──────── GIVEN INFORMATION

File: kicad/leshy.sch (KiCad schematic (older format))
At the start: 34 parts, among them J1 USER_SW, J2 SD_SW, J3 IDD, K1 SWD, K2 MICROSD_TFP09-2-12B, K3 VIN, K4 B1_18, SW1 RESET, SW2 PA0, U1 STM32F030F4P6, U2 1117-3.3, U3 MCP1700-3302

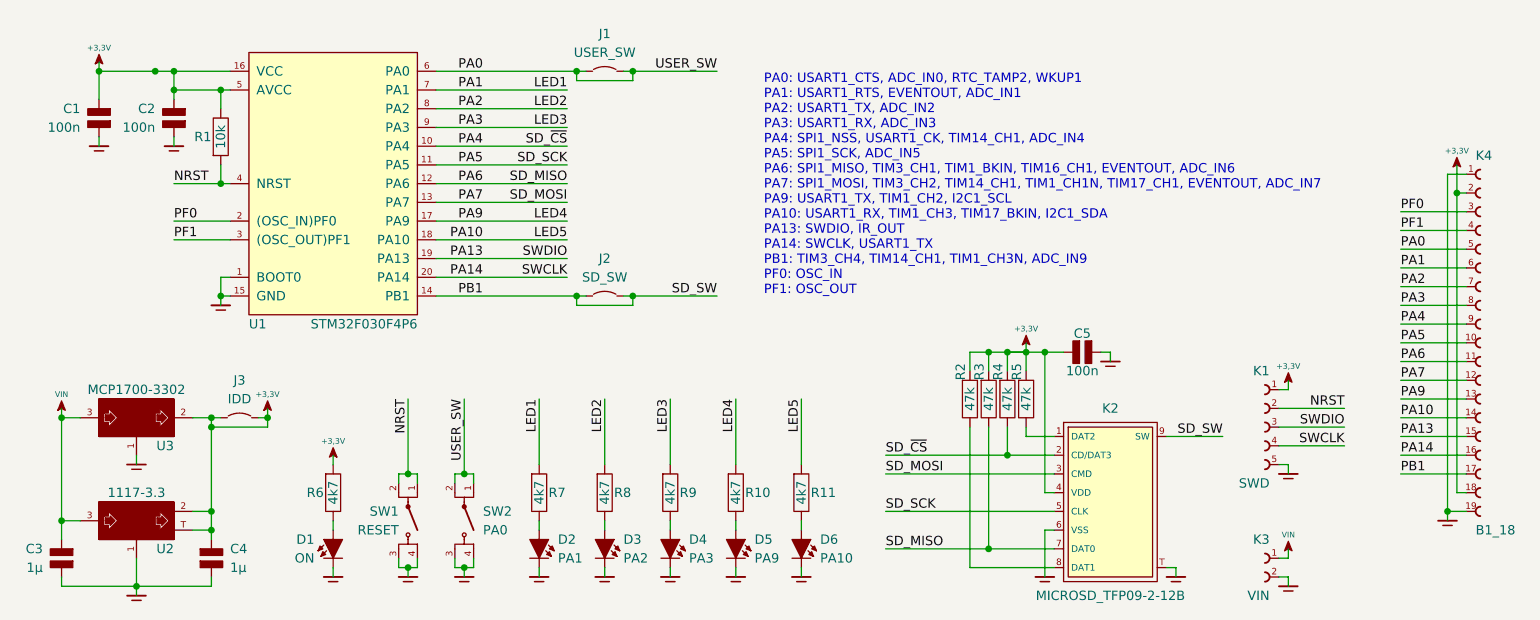
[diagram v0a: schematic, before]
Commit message: Add new board revision
Main differences are:
- The SD card now has a MOSFET, so it can be completely shut off
- More (hopefully useful) silkscreen text
- Logo on board
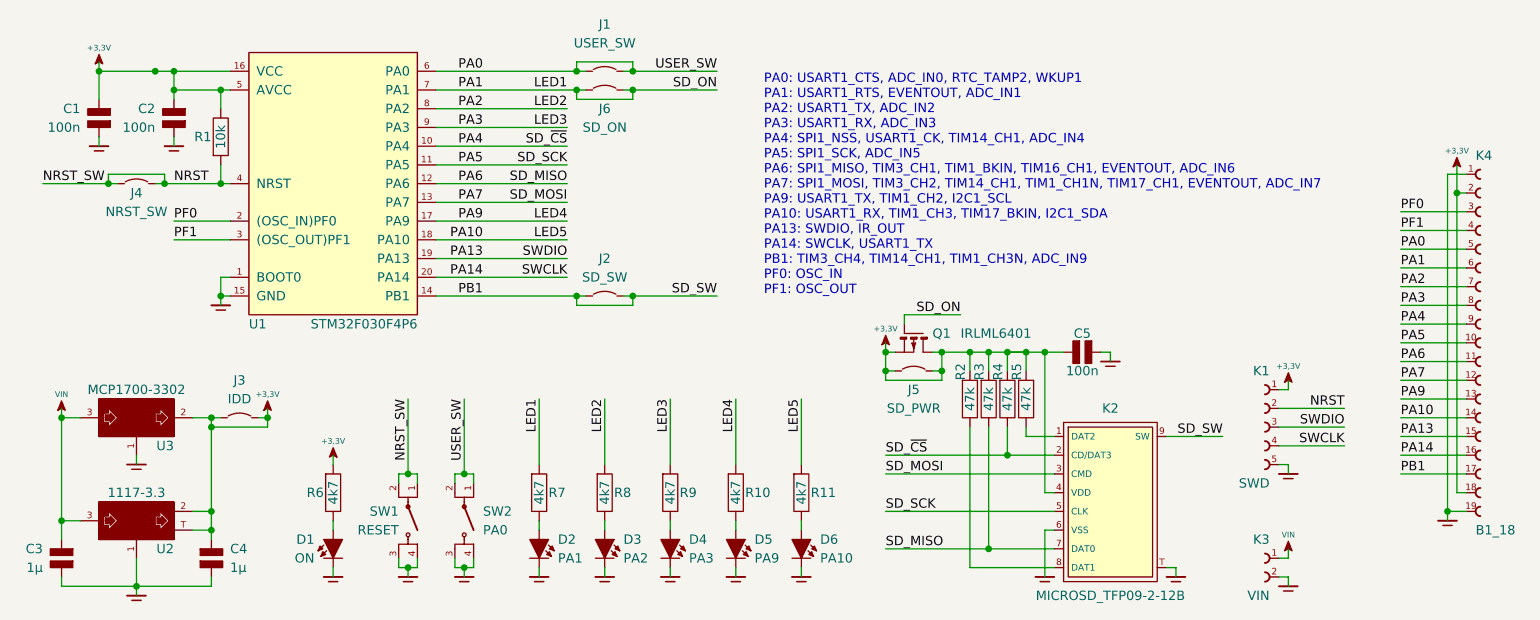
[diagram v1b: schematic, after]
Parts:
- added J4: NRST_SW, rcl:SOLDER_JUMPER_0603_B, symbol JUMPER
- added J5: SD_PWR, rcl:SOLDER_JUMPER_0603_B, symbol JUMPER
- added J6: SD_ON, rcl:SOLDER_JUMPER_0603_B, symbol JUMPER
- added Q1: IRLML6401, sot:SOT23, symbol IRLML6401
- J1, J2: footprint rcl:0603_B -> rcl:SOLDER_JUMPER_0603_B
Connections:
- net +3,3V: now also J5.1, J5.2, Q1.2 (S), Q1.3 (D)
- net LED1: now also J6.1, J6.2, Q1.1 (G)
- net NRST: now also J4.1, J4.2
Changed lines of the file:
@@
 LIBS:triac
 LIBS:xilinx
-LIBS:stm32f0board-cache
+LIBS:leshy-cache
 EELAYER 25 0
 EELAYER END
@@
 	7000 3700 7000 2950
 Wire Wire Line
-	6600 2950 7100 2950
+	6400 2950 7100 2950
 Wire Wire Line
 	6800 2950 6900 2950
@@
 	6800 2950 6800 3050
 Connection ~ 6700 2950
-Wire Wire Line
-	6900 2900 6900 3050
 Connection ~ 6800 2950
 $Comp
@@
 L +3,3V #PWR04
 U 1 1 57D32088
-P 6900 2900
-F 0 "#PWR04" H 6900 2825 30  0001 C CNN
-F 1 "+3,3V" H 6900 2975 30  0000 C CNN
-F 2 "" H 6900 2900 50  0001 C CNN
-F 3 "" H 6900 2900 60  0000 C CNN
-	1    6900 2900
+P 6150 2900
+F 0 "#PWR04" H 6150 2825 30  0001 C CNN
+F 1 "+3,3V" H 6150 2975 30  0000 C CNN
+F 2 "" H 6150 2900 50  0001 C CNN
+F 3 "" H 6150 2900 60  0000 C CNN
+	1    6150 2900
 	1    0    0    -1
 $EndComp
@@
 Connection ~ 2600 1550
 Wire Wire Line
-	2600 1950 2600 2050
-Wire Wire Line
-	2350 2050 2650 2050
+	2600 2050 2600 1950
+Wire Wire Line
+	2250 2050 2650 2050
 $Comp
 L C C2
@@
 	3650 3600 3650 3650
 Text Label 3600 3200 3    50   ~ 0
-NRST
+NRST_SW
 Wire Wire Line
 	3600 3200 3600 3600
@@
 	3750 1450 4550 1450
 Wire Wire Line
-	3750 1550 4450 1550
-Wire Wire Line
 	3750 1650 4450 1650
 Wire Wire Line
@@
 F 0 "J2" H 4650 2850 50  0000 C CNN
 F 1 "SD_SW" H 4650 2750 50  0000 C CNN
-F 2 "rcl:0603_B" H 4550 2650 50  0001 C CNN
+F 2 "rcl:SOLDER_JUMPER_0603_B" H 4550 2650 50  0001 C CNN
 F 3 "" H 4650 2650 60  0000 C CNN
 	1    4650 2650
@@
 Wire Wire Line
 	4500 2650 4500 2700
-Wire Wire Line
-	4500 2700 4800 2700
 Wire Wire Line
 	4800 2700 4800 2650
@@
 U 1 1 57E01293
 P 4650 1450
-F 0 "J1" H 4650 1650 50  0000 C CNN
-F 1 "USER_SW" H 4650 1550 50  0000 C CNN
-F 2 "rcl:0603_B" H 4550 1450 50  0001 C CNN
+F 0 "J1" H 4650 1700 50  0000 C CNN
+F 1 "USER_SW" H 4650 1600 50  0000 C CNN
+F 2 "rcl:SOLDER_JUMPER_0603_B" H 4550 1450 50  0001 C CNN
 F 3 "" H 4650 1450 60  0000 C CNN
 	1    4650 1450
@@
 $EndComp
 Wire Wire Line
-	4500 1450 4500 1500
-Wire Wire Line
-	4500 1500 4800 1500
-Wire Wire Line
-	4800 1500 4800 1450
+	4500 1450 4500 1400
+Wire Wire Line
+	4500 1400 4800 1400
+Wire Wire Line
+	4800 1400 4800 1450
 Wire Wire Line
 	4750 1450 5250 1450
@@
 Connection ~ 2550 3900
 Wire Wire Line
-	2600 3300 2450 3300
+	2450 3300 2600 3300
 Connection ~ 2550 3300
 Wire Wire Line
@@
 Connection ~ 2550 3350
 Connection ~ 2850 3300
+Wire Wire Line
+	6900 2950 6900 3050
+$Comp
+L JUMPER J4
+U 1 1 58F7ADD8
+P 2150 2050
+F 0 "J4" H 2150 2000 50  0000 C CNN
+F 1 "NRST_SW" H 2150 1900 50  0000 C CNN
+F 2 "rcl:SOLDER_JUMPER_0603_B" H 2050 2050 50  0001 C CNN
+F 3 "" H 2150 2050 60  0000 C CNN
+	1    2150 2050
+	1    0    0    -1
+$EndComp
+Text Label 1650 2050 0    50   ~ 0
+NRST_SW
+Wire Wire Line
+	1650 2050 2050 2050
+Wire Wire Line
+	2000 2050 2000 2000
+Wire Wire Line
+	2000 2000 2300 2000
+Wire Wire Line
+	2300 2000 2300 2050
+Connection ~ 2300 2050
+Connection ~ 2000 2050
+$Comp
+L IRLML6401 Q1
+U 1 1 58F7B77E
+P 6300 2900
+F 0 "Q1" V 6250 3000 50  0000 L CNN
+F 1 "IRLML6401" V 6250 3150 50  0000 L CNN
+F 2 "sot:SOT23" H 6400 2750 50  0001 L CNN
+F 3 "" H 6300 2900 60  0000 C CNN
+	1    6300 2900
+	0    1    1    0
+$EndComp
+Connection ~ 6600 2950
+Wire Wire Line
+	6150 2900 6150 3100
+Wire Wire Line
+	6150 2950 6200 2950
+$Comp
+L JUMPER J5
+U 1 1 58F7C21D
+P 6300 3050
+F 0 "J5" H 6300 2950 50  0000 C CNN
+F 1 "SD_PWR" H 6300 2850 50  0000 C CNN
+F 2 "rcl:SOLDER_JUMPER_0603_B" H 6200 3050 50  0001 C CNN
+F 3 "" H 6300 3050 60  0000 C CNN
+	1    6300 3050
+	1    0    0    -1
+$EndComp
+Wire Wire Line
+	6400 3050 6450 3050
+Wire Wire Line
+	6450 2950 6450 3100
+Connection ~ 6450 2950
+Wire Wire Line
+	6150 3050 6200 3050
+Connection ~ 6150 2950
+Wire Wire Line
+	6250 2800 6250 2750
+Wire Wire Line
+	6250 2750 6550 2750
+Text Label 6550 2750 2    50   ~ 0
+SD_ON
+Text Label 5250 1550 2    50   ~ 0
+SD_ON
+Wire Wire Line
+	3750 1550 4550 1550
+$Comp
+L JUMPER J6
+U 1 1 58F8B41E
+P 4650 1550
+F 0 "J6" H 4650 1450 50  0000 C CNN
+F 1 "SD_ON" H 4650 1350 50  0000 C CNN
+F 2 "rcl:SOLDER_JUMPER_0603_B" H 4550 1550 50  0001 C CNN
+F 3 "" H 4650 1550 60  0000 C CNN
+	1    4650 1550
+	1    0    0    -1
+$EndComp
+Wire Wire Line
+	4750 1550 5250 1550
+Wire Wire Line
+	6450 3100 6150 3100
+Connection ~ 6450 3050
+Connection ~ 6150 3050
+Wire Wire Line
+	4500 1550 4500 1600
+Wire Wire Line
+	4500 1600 4800 1600
+Wire Wire Line
+	4800 1600 4800 1550
+Connection ~ 4800 1550
+Connection ~ 4500 1550
+Wire Wire Line
+	4500 2700 4800 2700
 $EndSCHEMATC

────────────────

→ **PROBLEM**: Lines holding the word "LIBS" should be counted across the entries; state only how many there are.

→ **RESPONSE TO THIS TASK**: 4